EMPORIA, Kan. — As junior placekicker Parker Sampson’s 53-yard field goal soared through the air and the uprights with 3:46 left in the third quarter, it meant more than just extending Northwest Missouri State football’s lead.

The No. 7 ranked Bearcats (5-0, 5-0 MIAA) were able to fend off a pesky Emporia State (2-3, 2-3 MIAA) team 34-23, in front of 4,098, fans thanks to a second-half surge and Sampson’s leg.

Although the Kansas City, Missouri, native nailed a career-long 53-yard field goal and added three more from 41, 35 and 27 yards to prove to be the difference in Northwest’s win, Saturday’s game was more meaningful than career highs. Last Saturday, Sampson said he lost his half brother, James, due to a tragic accident.

“I don’t want to get emotional, but I think he was with me today,” Sampson said about his performance.

Sampson took the field with, “FLY HIGH JAY BIRD,” and “Jay 6/18/74 Young King,” inscribed on the instep of both cleats.

“I’ve been going through a lot with my family the last week,” Sampson said. “The best thing for me was to come back and be with my teammates.

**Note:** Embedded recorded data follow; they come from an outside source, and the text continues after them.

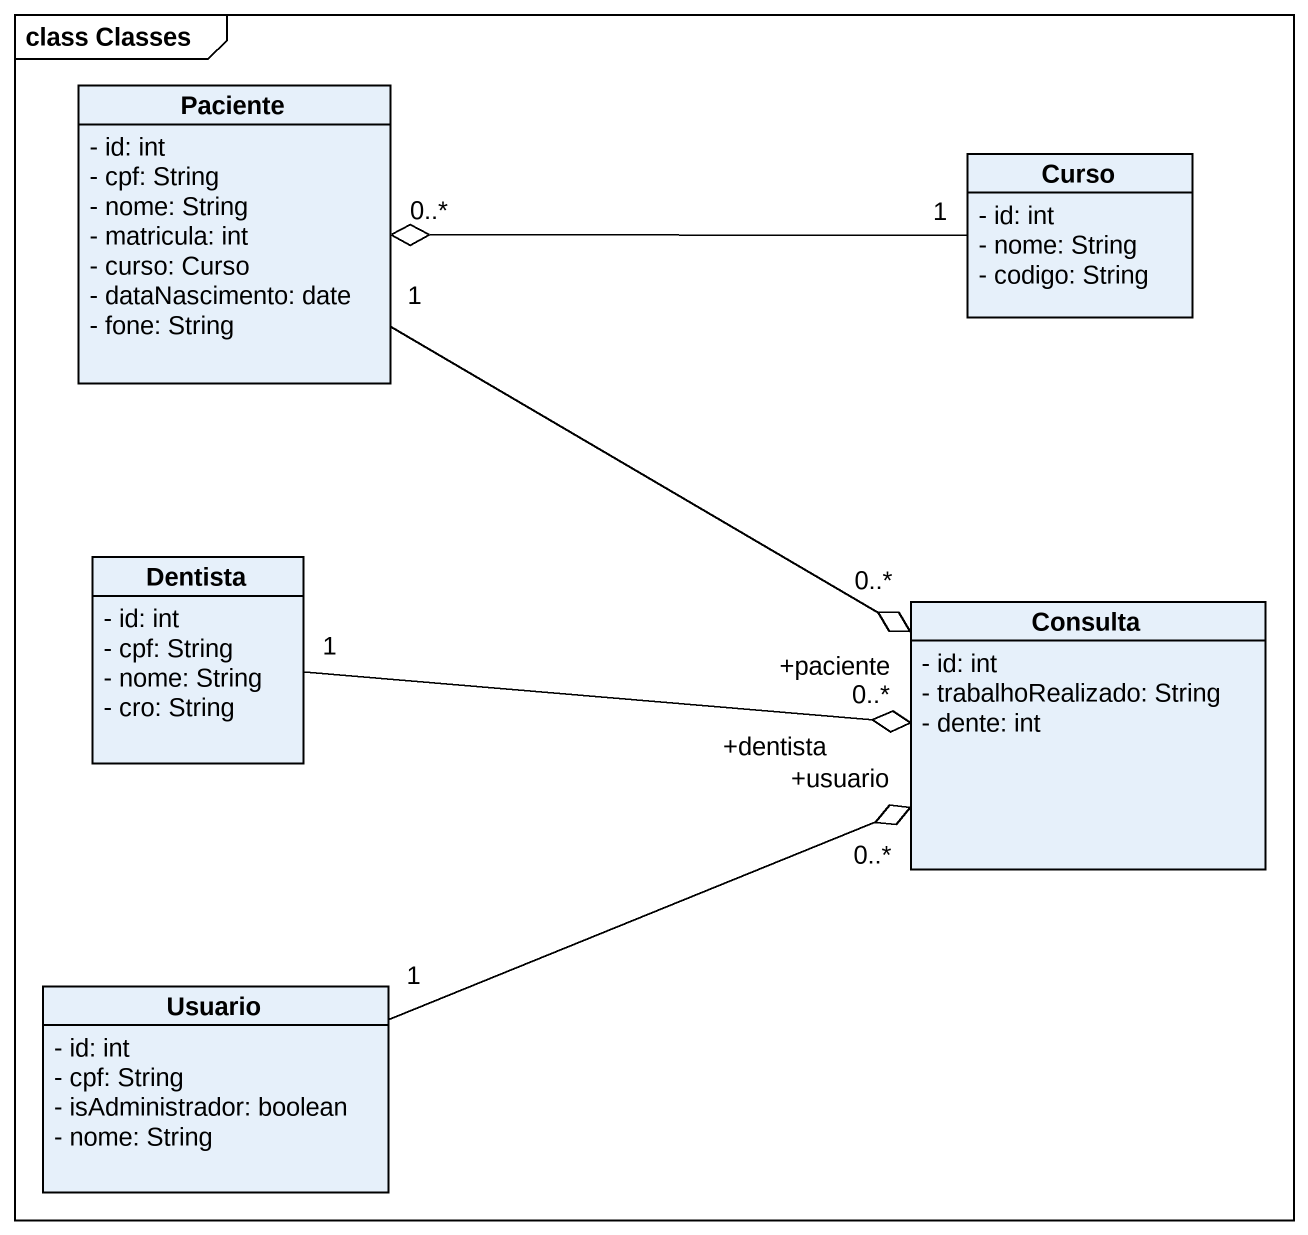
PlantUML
@startuml
mainframe class Classes
hide circle
hide empty members
skinparam classAttributeIconSize 0
class Paciente {
  - id: int
  - cpf: String
  - nome: String
  - matricula: int
  - curso: Curso
  - dataNascimento: date
  - fone: String
}
class Curso {
  - id: int
  - nome: String
  - codigo: String
}
class Dentista {
  - id: int
  - cpf: String
  - nome: String
  - cro: String
}
class Consulta {
  - id: int
  - trabalhoRealizado: String
  - dente: int
}
class Usuario {
  - id: int
  - cpf: String
  - isAdministrador: boolean
  - nome: String
}
Paciente "1" -right-o "+paciente\n0..*" Consulta
Curso "1" -left-o "0..*" Paciente
Dentista "1" -right-o "+dentista\n0..*" Consulta
Usuario "1" -right-o "+usuario\n0..*" Consulta
@enduml

I wouldn’t rather be anywhere else and I’m thankful I have them.”

“He was with me today,” Sampson said about his half brother. “I’m at a loss for words right now.”

The Bearcats had just taken a 25-23 lead with 7:06 left in the third quarter and after the defense forced a three-and-out from the Hornets, Northwest drove down to the field but stalled out on the Emporia State 35 yard line.

Coach Rich Wright trotted Sampson out to attempt the 53 yarder, after missing two 51-yard field goals earlier this year, to extend the Bearcats' lead to five.

“I had faith in him,” Rich Wright said. “He’s been through a lot this week so it was just nice to see him have some success today.”

Northwest faced some adversity early in the game as they allowed the Hornets to score in five plays. The Cats were never fully able to dig themselves out of the hole they made in the first half as they took a deficit into the halftime intermission for the first time this season.

“I just challenged them,” Rich Wright said. “I just said ‘This is not to our standard. You can’t do anything about what we did in the first 30 minutes but you darn sure can do something about what we do in the next 30.’ I felt like they responded today.”

It only took two plays before sophomore quarterback Braden Wright found junior Imoni Donadelle for a 57-yard touchdown pass to give the Bearcats their first lead of the day.

Emporia State regained the lead for 3:38 before redshirt freshman quarterback Mike Hohensee connected with senior tight end Marqus Andrews for his first touchdown catch this season.

“The defense clearly knows what’s coming (when I come into the game,” Hohensee said. “They’ll point out it’s a run, but our O-line does a great job creating holes. There were a few times where (Emporia State) knew where it was going and loaded the box but our O-line just created a huge seam for me so that was great.”

The St. Charles, Illinois, native accounted for two touchdowns while Braden Wright threw for 87 passing yards and a score on 6-for-20 passing.

Northwest’s defense continued its string of dominant performances against the run game, allowing 58 rushing yards to the Hornets. The Bearcats dropped their season average of rushing yards allowed per attempt to 2.2.

Sophomore Blake Bayer led the way in tackles for the Cats Saturday as he recorded 10 total tackles in the game, making his season total of 39 a team-best.

After Emporia’s jolting start, Rich Wright and company switched from four defensive linemen to three to mix up coverages in the secondary and give Emporia State looks they hadn’t seen.

The Bearcats now turn their attention to Pittsburg State, who beat Lincoln 56-14. Northwest will be the home team on the scoreboard but the game will be played at Arrowhead Stadium.

“No, I wasn’t (pleased with the game),” Rich Wright said. “I had higher expectations for our football team today. We will get after it in practice this week. Was that straight forward enough? I’m as subtle as a trainwreck.”